Magnuson, 49, knew early on that she wanted to get Annie, who will turn 4 in April, into animal therapy. Annie tested out for good citizenship at 6 months old. At 2, Annie was certified through Therapy Dogs International.

“She likes people,” Magnuson said. “She’s a good girl.”

Last year, Magnuson and Annie took a Caring Paws class and became registered through Pet Partners, a national nonprofit animal therapy organization.

“I liked the fact that … Annie and I are listed as a team,” Magnuson said. “We are equal partners.”

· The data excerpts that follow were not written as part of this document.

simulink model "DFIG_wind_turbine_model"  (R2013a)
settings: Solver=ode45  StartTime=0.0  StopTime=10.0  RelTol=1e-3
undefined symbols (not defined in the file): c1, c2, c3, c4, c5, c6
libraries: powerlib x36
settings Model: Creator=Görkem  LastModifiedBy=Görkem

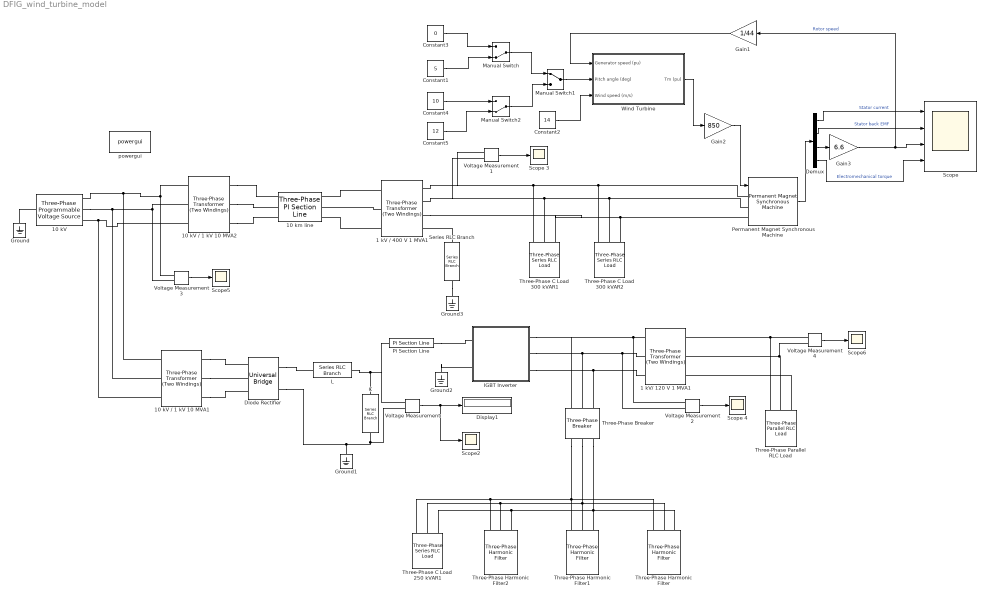
== system DFIG_wind_turbine_model ==
  1 kV / 400 V 1 MVA1 : powerlib/Elements/Three-Phase Transformer (Two Windings)  Winding1Connection=Y  UNITS=SI  NominalPower=[ 1000e3, 50 ]  Winding1=[1000 0.0023104 0.00029417]  Winding2Connection=Yn  Winding2=[400 0.0017328 0.00022063]  SetSaturation=off  Rm=577.6  Lm=1.8386  Saturation=[0 0;1.2892 2.3703;537.17 3.0024]  Hysteresis=off  DataFile='hysteresis'  SetInitialFlux=off  InitialFluxes=[1.5802 -1.5802 1.3827]  Measurements=None  MoreParameters=off  BreakLoop=off  DataType=on  TransfoNumber=1
  1 kV/ 120 V 1 MVA1 : powerlib/Elements/Three-Phase Transformer (Two Windings)  Winding1Connection=Yg  UNITS=SI  NominalPower=[ 1000000, 50 ]  Winding1=[1000 0.08712 0.011092]  Winding2Connection=Y  Winding2=[120 0.0008664 0.00011031]  SetSaturation=off  Rm=21780  Lm=69.328  Saturation=[0 0;0.29691 20.584;123.71 26.073]  Hysteresis=off  DataFile='hysteresis'  SetInitialFlux=off  InitialFluxes=[13.723 -13.723 12.007]  Measurements=None  MoreParameters=off  BreakLoop=off  DataType=on  TransfoNumber=1
  10 kV : powerlib/Electrical Sources/Three-Phase Programmable Voltage Source  PositiveSequence="[10000  0 50]"  VariationEntity=None  VariationType=Table of time-amplitude pairs  VariationTypeAlt=Step  VariationStep=0.5  VariationRate=10  VariationMagnitude=0.3  VariationFrequency=2  VariationTiming=[1 2]  VariationPhaseA=off  Amplitudes=[1 0.8 1.2 1.0]  TimeValues=[0 0.1 0.15 0.2]  HarmonicGeneration=off  HarmonicA=[3 0.2 -25 0]  HarmonicB=[2 0.15 35 2]  Timing="[0.05  3]"  BusType=swing  Pref=0  Qref=0  Qmin=-inf  Qmax=inf
  10 kV / 1 kV 10 MVA1 : powerlib/Elements/Three-Phase Transformer (Two Windings)  Winding1Connection=Y  UNITS=SI  NominalPower=[ 10e6, 50 ]  Winding1=[10000 0.0023104 0.00029417]  Winding2Connection=Y  Winding2=[1000 0.0017328 0.00022063]  SetSaturation=off  Rm=577.6  Lm=1.8386  Saturation=[0 0;1.2892 2.3703;537.17 3.0024]  Hysteresis=off  DataFile='hysteresis'  SetInitialFlux=off  InitialFluxes=[1.5802 -1.5802 1.3827]  Measurements=None  MoreParameters=off  BreakLoop=off  DataType=on  TransfoNumber=1
  10 kV / 1 kV 10 MVA2 : powerlib/Elements/Three-Phase Transformer (Two Windings)  Winding1Connection=Y  UNITS=SI  NominalPower=[ 10e6, 50 ]  Winding1=[10000 0.0023104 0.00029417]  Winding2Connection=Y  Winding2=[1000 0.0017328 0.00022063]  SetSaturation=off  Rm=577.6  Lm=1.8386  Saturation=[0 0;1.2892 2.3703;537.17 3.0024]  Hysteresis=off  DataFile='hysteresis'  SetInitialFlux=off  InitialFluxes=[1.5802 -1.5802 1.3827]  Measurements=None  MoreParameters=off  BreakLoop=off  DataType=on  TransfoNumber=1
  "10 km line " : powerlib/Elements/Three-Phase PI Section Line  LConnTagsString=a|b|c  RConnTagsString=A|B|C  Frequency=50  Resistances=[ 0.01273 0.3864]  Inductances="[ 0.9337e-3  4.1264e-3]"  Capacitances=[12.74e-9 7.751e-9]  Length=100
  C : powerlib/Elements/Series RLC Branch  LConnTagsString=__new0  RConnTagsString=__new0  BranchType=C  Resistance=1  Inductance=1e-3  SetiL0=off  InitialCurrent=0  Capacitance=0.01  Setx0=off  InitialVoltage=0  Measurements=None
  Constant1 : Constant  Value=5
  Constant2 : Constant  Value=14
  Constant3 : Constant  Value=0
  Constant4 : Constant  Value=10
  Constant5 : Constant  Value=12
  Demux : Demux
  Diode Rectifier : powerlib/Power Electronics/Universal Bridge  Arms=3  SnubberResistance=1e5  SnubberCapacitance=inf  Device=Diodes  Ron=1e-3  Lon=0  ForwardVoltages="[  0  0  ]"  ForwardVoltage=0  GTOparameters=[ 10e-6 , 20e-6 ]  IGBTparameters=[ 1e-6 , 2e-6 ]  Measurements=None  Measurements_2=None  converterType=Rectifier
  Display1 : Display
  Gain1 : Gain  Gain=1/44
  Gain2 : Gain  Gain=850
  Gain3 : Gain  Gain=6.6
  Ground{,1..3} (4 alike) : powerlib/Elements/Ground  LConnTagsString=a
  IGBT Inverter : Subsystem
  L : powerlib/Elements/Series RLC Branch  LConnTagsString=__new0  RConnTagsString=__new0  BranchType=L  Resistance=1  Inductance=3.8e-3  SetiL0=off  InitialCurrent=0  Capacitance=1e-6  Setx0=off  InitialVoltage=0  Measurements=None
  Manual Switch : ManualSwitch  CurrentSetting=0
  Manual Switch1 : ManualSwitch
  Manual Switch2 : ManualSwitch  CurrentSetting=0
  Permanent Magnet Synchronous Machine : powerlib/Machines/Permanent Magnet Synchronous Machine  NbPhases=3  FluxDistribution=Sinusoidal  RotorType=Round  MechanicalLoad=Torque Tm  PresetModel=No  ShowDetailedParameters=on  Resistance=0.0918  Inductance=8.5e-3  dqInductances=[8.5e-3,8.5e-3]  La=0.000975  MachineConstant=Flux linkage established by magnets (V.s)  Flux=0.1688  VoltageCst=122.4677  TorqueCst=1.0128  Flat=120  Mechanical=[0.003945 0.0004924 4 0]  PolePairs=4  InitialConditions=[0,0, 0,0]  InitialConditions5ph=[0 0 0 0 0 0]  TsPowergui=0  TsBlock=-1  RefAngle=90 degrees behind phase A axis (modified Park)
  Pi Section Line : powerlib/Elements/Pi Section Line  LConnTagsString=__new0  RConnTagsString=__new0  Frequency=50  Resistance=0.01273  Inductance=0.9337e-3  Capacitance=12.74e-9  Length=10  PiSections=1  Measurements=None
      settings: AttributesFormatString=\n
  Scope : Scope  NumInputPorts=4
      settings: YMin=-50000~-100000~-5~-5  YMax=50000~100000~5~5
  Scope 3 : Scope
      settings: SaveName=ScopeData3
  Scope 4 : Scope
      settings: SaveName=ScopeData4
  Scope2 : Scope
      settings: SaveName=ScopeData2
  Scope5 : Scope
      settings: SaveName=ScopeData5
  Scope6 : Scope
      settings: SaveName=ScopeData6
  Series RLC Branch : powerlib/Elements/Series RLC Branch  LConnTagsString=__new0  RConnTagsString=__new0  BranchType=R  Resistance=66  Inductance=1e-3  SetiL0=off  InitialCurrent=0  Capacitance=1e-6  Setx0=off  InitialVoltage=0  Measurements=None
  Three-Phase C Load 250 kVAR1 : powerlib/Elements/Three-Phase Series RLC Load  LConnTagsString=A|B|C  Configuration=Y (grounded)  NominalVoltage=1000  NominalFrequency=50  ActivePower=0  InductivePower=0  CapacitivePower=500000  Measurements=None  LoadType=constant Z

Being Annie’s advocate, Magnuson said, means helping people know what Annie likes and what she doesn’t (being petted on the forehead). It also means watching Annie to see when she’s tired and ready to wrap up her visits.

“It’s a positive experience for her, and a positive experience for the person she sees,” Magnuson said. “I’m her words, basically.”

In addition to the same-day surgery center, where Annie visits the waiting room, the pair also drop in at the Sage infusion center to visit patients, as well as nurses and technicians.

The 36 handlers and 39 dogs in the Caring Paws program visit acute patient rooms; nurse stations; surgery; cardiac and ICU family waiting areas; lobbies; medical records; ambulatory care; pharmacy; behavioral health; inpatient rehabilitation; and the cancer center.

Therapy dogs receive a lot of training, since they have to learn to get used to wheelchairs, walkers, canes, elevators, and all the beeping that goes on at hospitals, Magnuson said.

“When [dogs] first go into an elevator, it’s a big thing,” she said. “[Annie] was pretty funny.”

At the moment, Annie doesn’t go into hospital rooms; Magnuson found that there was too much going on. Maybe when she’s older, Magnuson said.

For now, though, Annie enjoys her weekly visits.

“She has really blossomed into it,” Magnuson said.

Annie also knows when it’s time to go to work.

“When I put that on her, I need to be ready to go,” Magnuson said of Annie’s uniform vest. “She head-butts me out the door.”

The visits last just over two hours, but the joy Annie and Magnuson bring to the people they visit is immeasurable, said Janice Laird, who nominated her friend as an Everyday Hero.

“They are a blessing to the people they visit,” Laird said.

The visits bring smiles to people’s faces as soon as they see Annie, Magnuson said.

“We just offer a distraction,” she said. “People seem to appreciate it.”

Annie also leaves her “calling card” with those with whom she interacts. On the front is a picture of Annie in her vest. On the back is her name, date of birth, a paragraph about the characteristics of her breed and a personal paragraph about Annie herself.

Annie soon might be joined by another of Magnuson’s three dogs.

Gromit, who is 3, is still a little too enthusiastic for therapy work, but Magnuson is hopeful he, too, will be able to pass the Pet Partners test.

“He’s a sweet, loving pup,” Magnuson said.

For Magnuson, the joy of volunteering comes from being able to help others.

“I enjoy making people feel better,” she said.

Beyond that is the deepening of the bond between animal and owner, Magnuson said.

“There’s a special kind of joy to see your dog do that for someone,” she said.